Barrett's ceiling could hinge on the development of his shot. According to, he ranks 415th in the league in true shooting percentage (47.3). He has always shot the ball with his left hand, even though he's a natural righty, and coaches have said his shooting form with his right hand is better.

“He's always cool and calm, he never seems to get rattled,” Frazier said of Barrett's maturity. “Obviously, he needs to work on his shooting, better shot selection (40 percent overall) and his free throws (59.2 percent). But I like his defense at times, his rebounding is strong, and getting into the paint.”

Still, Barrett has a knack for being efficient with his forays to the basket.

“That was his forte coming out of Duke, and I'm surprised teams are not trying to take away his left hand, which is his strength,” Frazier said. “You let him do that, I don't care how tall you are, he can take you on and just muscle you to the hoop, so he's been very successful at that.”

Miller credits Barrett's recent surge (averaging 20.3 points in his last three games) to him being healthy again. He had recently missed nine games with a right ankle sprain. “Just learning my spots, learning the game more,” Barrett told reporters after Tuesday's practice. “I felt like I was doing good until I got hurt, and coming back, now I'm relaxing. I feel like when you come back, it takes you a little bit to get in your groove. Every day I've just been working trying to get it back.”

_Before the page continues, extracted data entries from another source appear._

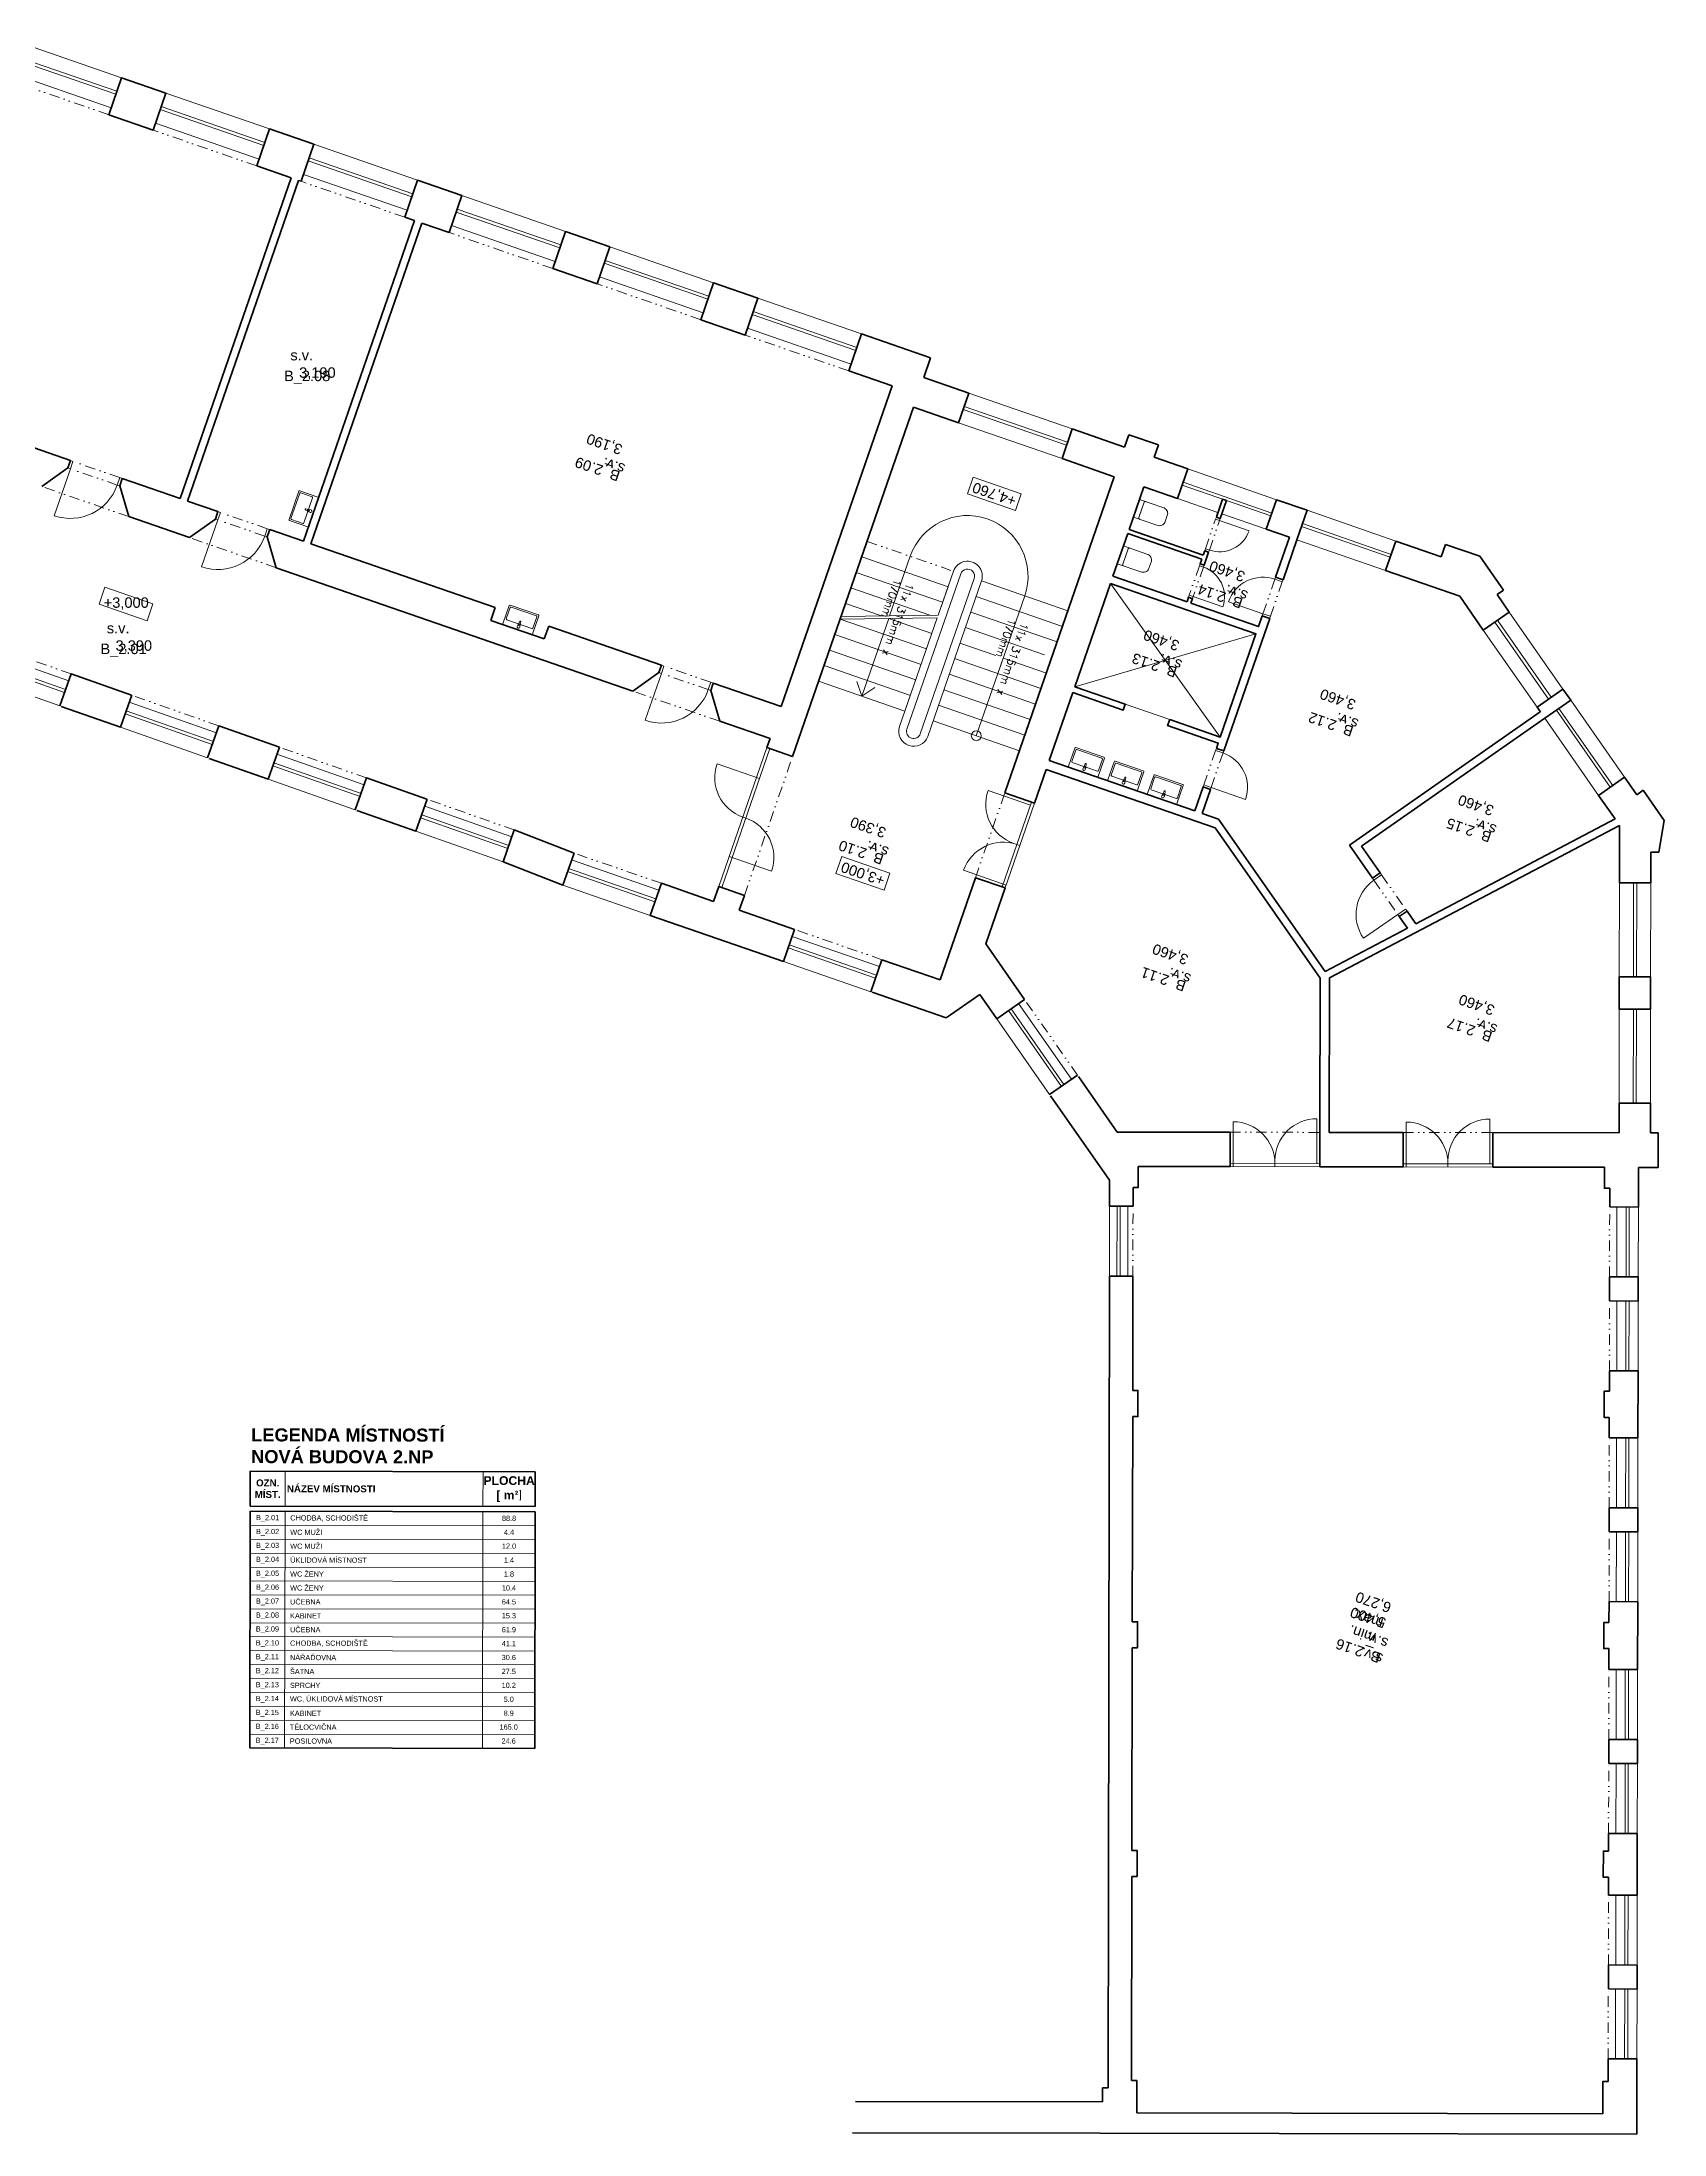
# Model space of a CAD drawing. Header units: millimetres. Extents: x 89194 to 559352, y -753138 to -204019.
# Drawn here: x 362466 to 393540, y -516306 to -476225 of the extents above; entities that cross this region are included whole.
import ezdxf

# ---------------------------------------------------------------- set-up
doc = ezdxf.new("R2010")
doc.units = ezdxf.units.MM
doc.header["$LTSCALE"] = 400
doc.linetypes.add('DIVIDE', pattern=[1.25, 0.5, -0.25, 0, -0.25, 0, -0.25])
doc.linetypes.add('ČÁRKOVANÁ', pattern=[0.75, 0.5, -0.25])
for name, color, linetype, lineweight in [('RG_dveře', 3, 'Continuous', 9), ('RG_koty', 7, 'Continuous', 9), ('RG_okna', 3, 'Continuous', 9), ('RG_pohled', 200, 'Continuous', 9), ('RG_popisy', 11, 'Continuous', 9), ('RG_schodiště', 94, 'Continuous', 9), ('RG_tabulky', 7, 'Continuous', 5), ('RG_tabulky tlustá', 7, 'Continuous', 40), ('RG_výrobky klempíř', 6, 'Continuous', 9), ('RG_zařízováky', 4, 'Continuous', 9), ('RG_zdivo stávající', 30, 'Continuous', 50), ('RG_čerch 2', 6, 'DIVIDE', 9)]:
    doc.layers.add(name, color=color, linetype=linetype, lineweight=lineweight)
doc.styles.add('Arial 100', font='Arial.ttf', dxfattribs={"height": 100})
doc.styles.add('Arial 250', font='Arial Bold.ttf', dxfattribs={"height": 250})
doc.styles.add('Arial 350', font='Arial Bold.ttf', dxfattribs={"height": 350})
doc.styles.get("Standard").update_dxf_attribs({"font": 'romans.shx', "height": 100})

# ---------------------------------------------------------------- blocks, each defined once
blk = doc.blocks.new('*U65')
blk.add_line((600, -323), (600, -1273))
for points in [[(-400, -173), (-350, -173), (-350, -323), (-400, -323)], [(650, -173), (600, -173), (600, -323), (650, -323)]]:
    blk.add_lwpolyline(points)
blk.add_arc((600, -323), 950, 180, 270)
at = {"layer": 'RG_zdivo stávající'}
for p, q in [((-400, -173), (-400, -323)), ((650, -173), (650, -323))]:
    blk.add_line(p, q, dxfattribs=at)
at = {"layer": 'RG_čerch 2'}
for p, q in [((-350, -173), (600, -173)), ((-350, -323), (600, -323))]:
    blk.add_line(p, q, dxfattribs=at)
blk = doc.blocks.new('1800_2030_1050')
at = {"layer": 'RG_okna'}
for points in [[(118088, 2964), (119858, 2964)], [(118088, 2689), (119858, 2689)], [(118088, 2629), (119858, 2629)], [(118088, 2454), (119858, 2454)]]:
    blk.add_lwpolyline(points, dxfattribs=at)
at = {"layer": 'RG_zdivo stávající'}
for points in [[(118088, 2314), (118088, 2964)], [(119858, 2964), (119858, 2314)]]:
    blk.add_lwpolyline(points, dxfattribs=at)
at = {"layer": 'RG_čerch 2'}
blk.add_lwpolyline([(118088, 2314), (119858, 2314)], dxfattribs=at)
blk = doc.blocks.new('2100_2070_920')
at = {"layer": 'RG_okna'}
for points in [[(117898, -7976), (119998, -7976)], [(117898, -8251), (119998, -8251)], [(117898, -8311), (119998, -8311)], [(117898, -8586), (119998, -8586)]]:
    blk.add_lwpolyline(points, dxfattribs=at)
at = {"layer": 'RG_zdivo stávající'}
for points in [[(117898, -8586), (117898, -7836)], [(119998, -7836), (119998, -8586)]]:
    blk.add_lwpolyline(points, dxfattribs=at)
at = {"layer": 'RG_čerch 2'}
blk.add_lwpolyline([(117898, -7836), (119998, -7836)], dxfattribs=at)
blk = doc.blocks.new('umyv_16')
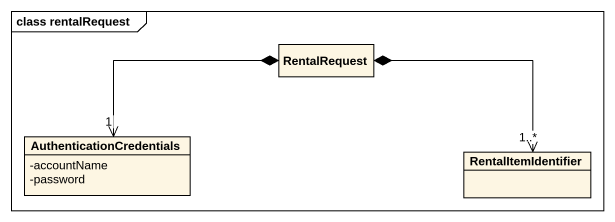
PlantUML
@startuml
mainframe class rentalRequest
hide circle
hide empty members
skinparam classAttributeIconSize 0
class RentalRequest
class AuthenticationCredentials {
  -accountName
  -password
}
class RentalItemIdentifier
RentalRequest *-left-> "1" AuthenticationCredentials
RentalRequest *-right-> "1..*" RentalItemIdentifier
@enduml
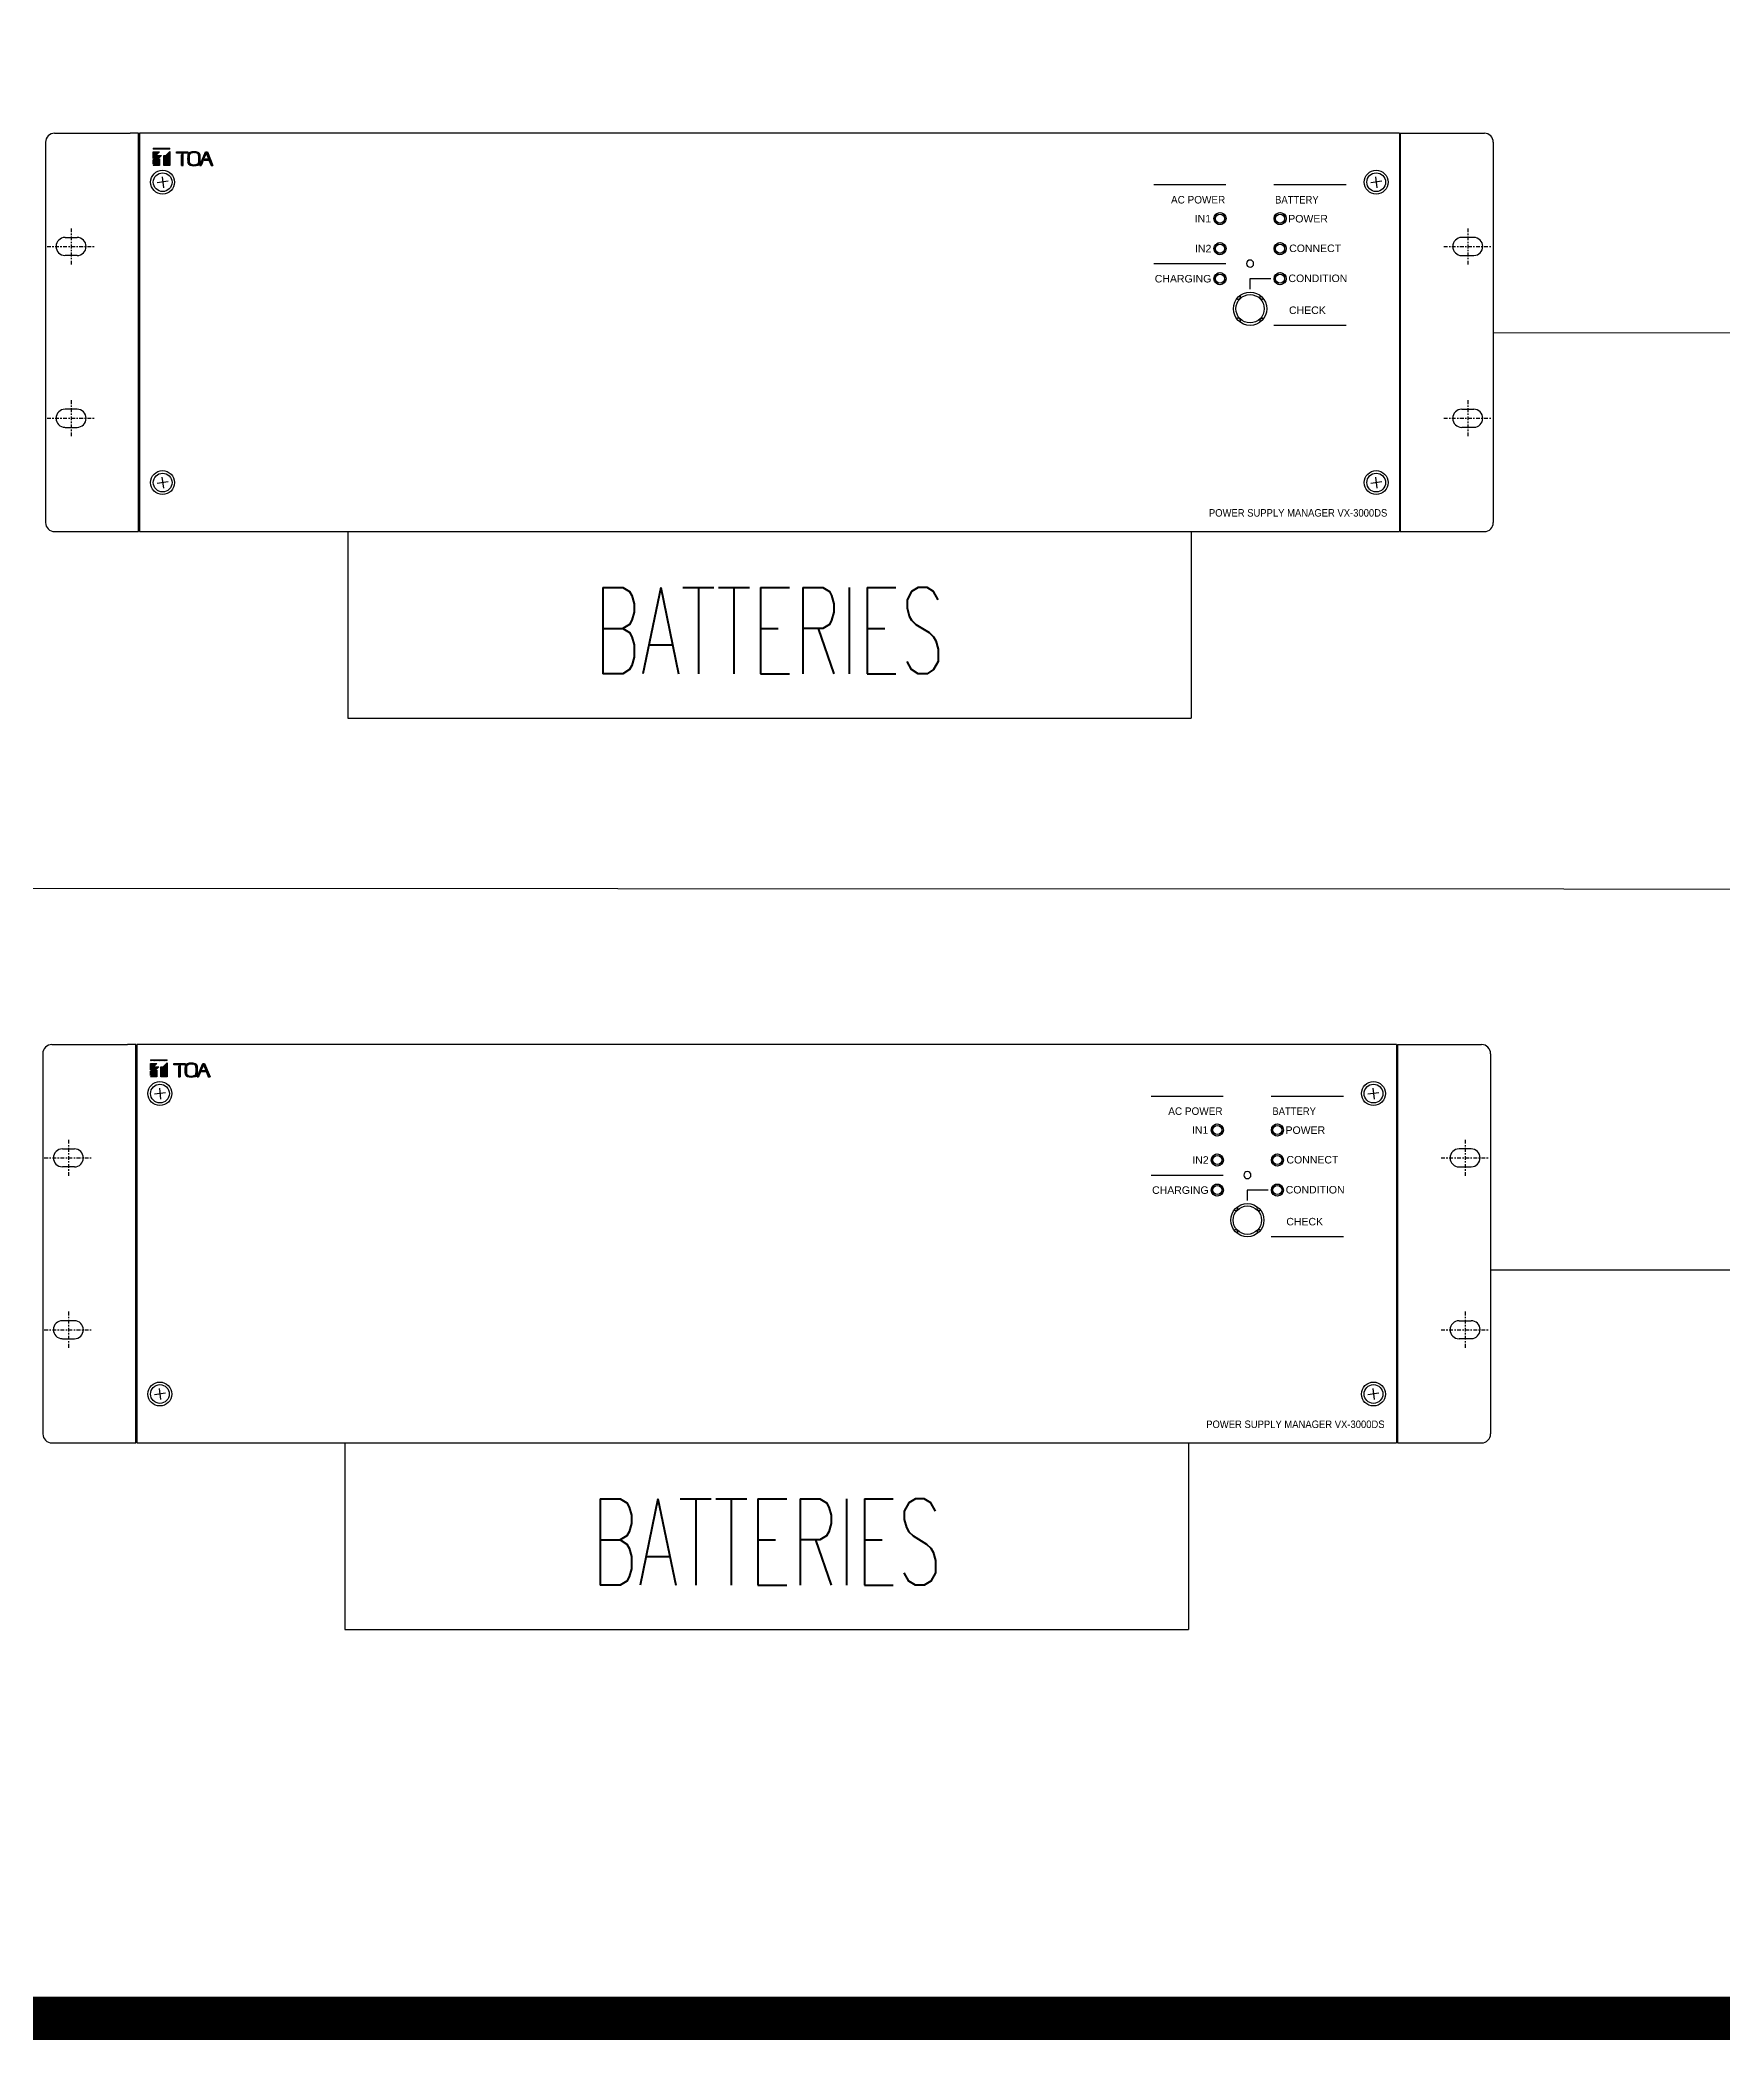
# Model space of a CAD drawing. Header units: millimetres. Extents: x 2974 to 5671, y 1205 to 3288.
# Drawn here: x 4495.2 to 4612.2, y 1808.2 to 1947.2 of the extents above; entities that cross this region are included whole.
import ezdxf
from ezdxf.enums import TextEntityAlignment as Align

# ---------------------------------------------------------------- set-up
doc = ezdxf.new("R2010")
doc.units = ezdxf.units.MM
doc.linetypes.add('CENTER', pattern=[2, 1.25, -0.25, 0.25, -0.25])
for name, color, linetype in [('CENTER', 1, 'CENTER'), ('SILK', 5, 'Continuous'), ('TEXT', 3, 'Continuous')]:
    doc.layers.add(name, color=color, linetype=linetype)
doc.styles.add('SIMPLEX', font='simplex.shx', dxfattribs={"width": 0.6})
doc.styles.get("Standard").update_dxf_attribs({"font": 'arial.ttf'})

# ---------------------------------------------------------------- blocks, each defined once
blk = doc.blocks.new('psu')
for p, q in [((-237.96, 0), (-212.77, 0)), ((-209.97, 0), (-212.77, 0)), ((-209.97, -132.59), (-209.97, 0)), ((209.68, 0), (-209.68, 0)), ((-209.68, 0), (-209.68, -132.59)), ((209.68, 0), (209.68, -132.59)), ((210, 0), (237.98, 0)), ((210, 0), (210, -132.59)), ((-240.96, -3.01), (-240.96, -129.58)), ((-209.68, -0.91), (-209.97, -0.91)), ((-209.68, -1.91), (-209.97, -1.91)), ((209.68, -0.91), (209.99, -0.91)), ((210, -1.91), (209.68, -1.91)), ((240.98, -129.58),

Rose has his work cut out for him. On the docket: finding a GM, finding a coach and figuring out whom to draft in 2020. Finding a difference-making point guard would be nice. Guard Frank Ntilikina and forward Kevin Knox haven't developed as hoped, though alley-oop artist Mitchell Robinson has been shining of late. And, thanks in large part to the ill-advised Kristaps Porzinigis trade, the Knicks have seven first-round picks over the next four years.

Plus, they've got RJ Barrett, so they've got some hope.

The question is whether he's ultimately just a piece or an actual foundation piece. But as Barrett proved on Monday night, he certainly has the potential to be special.